What to work on: For the entries below, print exactly the lines between the line holding "#5522 = DIRECTION" and the line holding "#8128 = VECTOR ( 'NONE', #6033, 39.37008 ) ;", inclusive, and nothing else.

Given information:
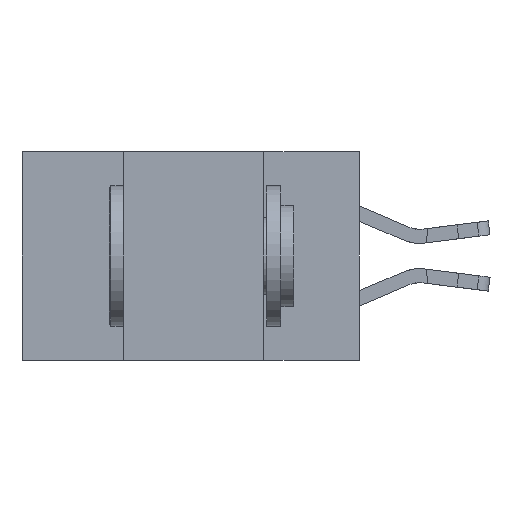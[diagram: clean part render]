
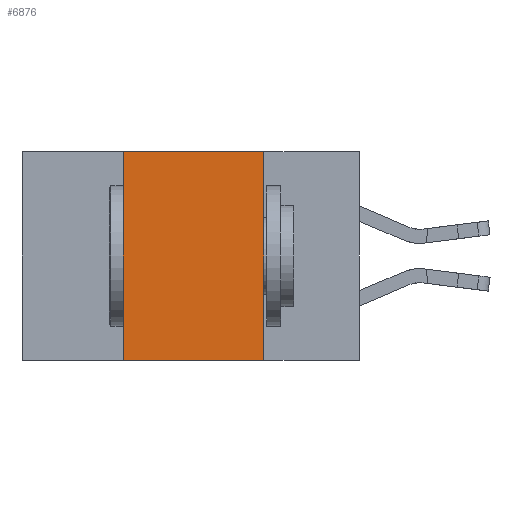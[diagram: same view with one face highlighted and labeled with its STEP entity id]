
A CAD part, left-side view. The second image highlights one B-rep face of the part: STEP entity #6876.
In plain terms, the highlighted planar face has unit normal (-1, 0, 0).
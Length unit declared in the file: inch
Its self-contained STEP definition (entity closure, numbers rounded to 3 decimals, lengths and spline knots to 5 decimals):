
#934 = EDGE_LOOP ( 'NONE', ( #8271, #14659, #8972, #3136 ) ) ;
#1511 = VECTOR ( 'NONE', #16280, 39.37008 ) ;
#2244 = VECTOR ( 'NONE', #12542, 39.37008 ) ;
#2591 = PLANE ( 'NONE',  #3480 ) ;
#2760 = VERTEX_POINT ( 'NONE', #14016 ) ;
#3136 = ORIENTED_EDGE ( 'NONE', *, *, #4619, .T. ) ;
#3480 = AXIS2_PLACEMENT_3D ( 'NONE', #10861, #5522, #14726 ) ;
#3519 = VERTEX_POINT ( 'NONE', #5411 ) ;
#3527 = EDGE_CURVE ( 'NONE', #2760, #14225, #3775, .T. ) ;
#3775 = LINE ( 'NONE', #10699, #10183 ) ;
#4599 = CARTESIAN_POINT ( 'NONE',  ( 0., 0.6, -0.37 ) ) ;
#4619 = EDGE_CURVE ( 'NONE', #2760, #3519, #13211, .T. ) ;
#5411 = CARTESIAN_POINT ( 'NONE',  ( 0., 0.17, -0.37 ) ) ;
#5522 = DIRECTION ( 'NONE',  ( 1., 0., 0. ) ) ;
#6033 = DIRECTION ( 'NONE',  ( 0., -1., 0. ) ) ;
#6812 = CARTESIAN_POINT ( 'NONE',  ( 0., 0.42, 0. ) ) ;
#6876 = ADVANCED_FACE ( 'NONE', ( #10694 ), #2591, .F. ) ;
#8128 = VECTOR ( 'NONE', #6033, 39.37008 ) ;
#8271 = ORIENTED_EDGE ( 'NONE', *, *, #16378, .F. ) ;
#8972 = ORIENTED_EDGE ( 'NONE', *, *, #3527, .F. ) ;
#10183 = VECTOR ( 'NONE', #12004, 39.37008 ) ;
#10393 = VERTEX_POINT ( 'NONE', #15736 ) ;
#10694 = FACE_OUTER_BOUND ( 'NONE', #934, .T. ) ;
#10699 = CARTESIAN_POINT ( 'NONE',  ( 0., 0.42, 0. ) ) ;
#10861 = CARTESIAN_POINT ( 'NONE',  ( 0., 0.6, 0. ) ) ;
#11001 = CARTESIAN_POINT ( 'NONE',  ( 0., 0.17, 0. ) ) ;
#11924 = EDGE_CURVE ( 'NONE', #14225, #10393, #12001, .T. ) ;
#12001 = LINE ( 'NONE', #16747, #8128 ) ;
#12004 = DIRECTION ( 'NONE',  ( 0., 0., 1. ) ) ;
#12482 = LINE ( 'NONE', #11001, #1511 ) ;
#12542 = DIRECTION ( 'NONE',  ( 0., -1., 0. ) ) ;
#13211 = LINE ( 'NONE', #4599, #2244 ) ;
#14016 = CARTESIAN_POINT ( 'NONE',  ( 0., 0.42, -0.37 ) ) ;
#14225 = VERTEX_POINT ( 'NONE', #6812 ) ;
#14659 = ORIENTED_EDGE ( 'NONE', *, *, #11924, .F. ) ;
#14726 = DIRECTION ( 'NONE',  ( 0., 0., -1. ) ) ;
#15736 = CARTESIAN_POINT ( 'NONE',  ( 0., 0.17, 0. ) ) ;
#16280 = DIRECTION ( 'NONE',  ( 0., 0., -1. ) ) ;
#16378 = EDGE_CURVE ( 'NONE', #10393, #3519, #12482, .T. ) ;
#16747 = CARTESIAN_POINT ( 'NONE',  ( 0., 0.6, 0. ) ) ;

Result:
#5522 = DIRECTION ( 'NONE',  ( 1., 0., 0. ) ) ;
#6033 = DIRECTION ( 'NONE',  ( 0., -1., 0. ) ) ;
#6812 = CARTESIAN_POINT ( 'NONE',  ( 0., 0.42, 0. ) ) ;
#6876 = ADVANCED_FACE ( 'NONE', ( #10694 ), #2591, .F. ) ;
#8128 = VECTOR ( 'NONE', #6033, 39.37008 ) ;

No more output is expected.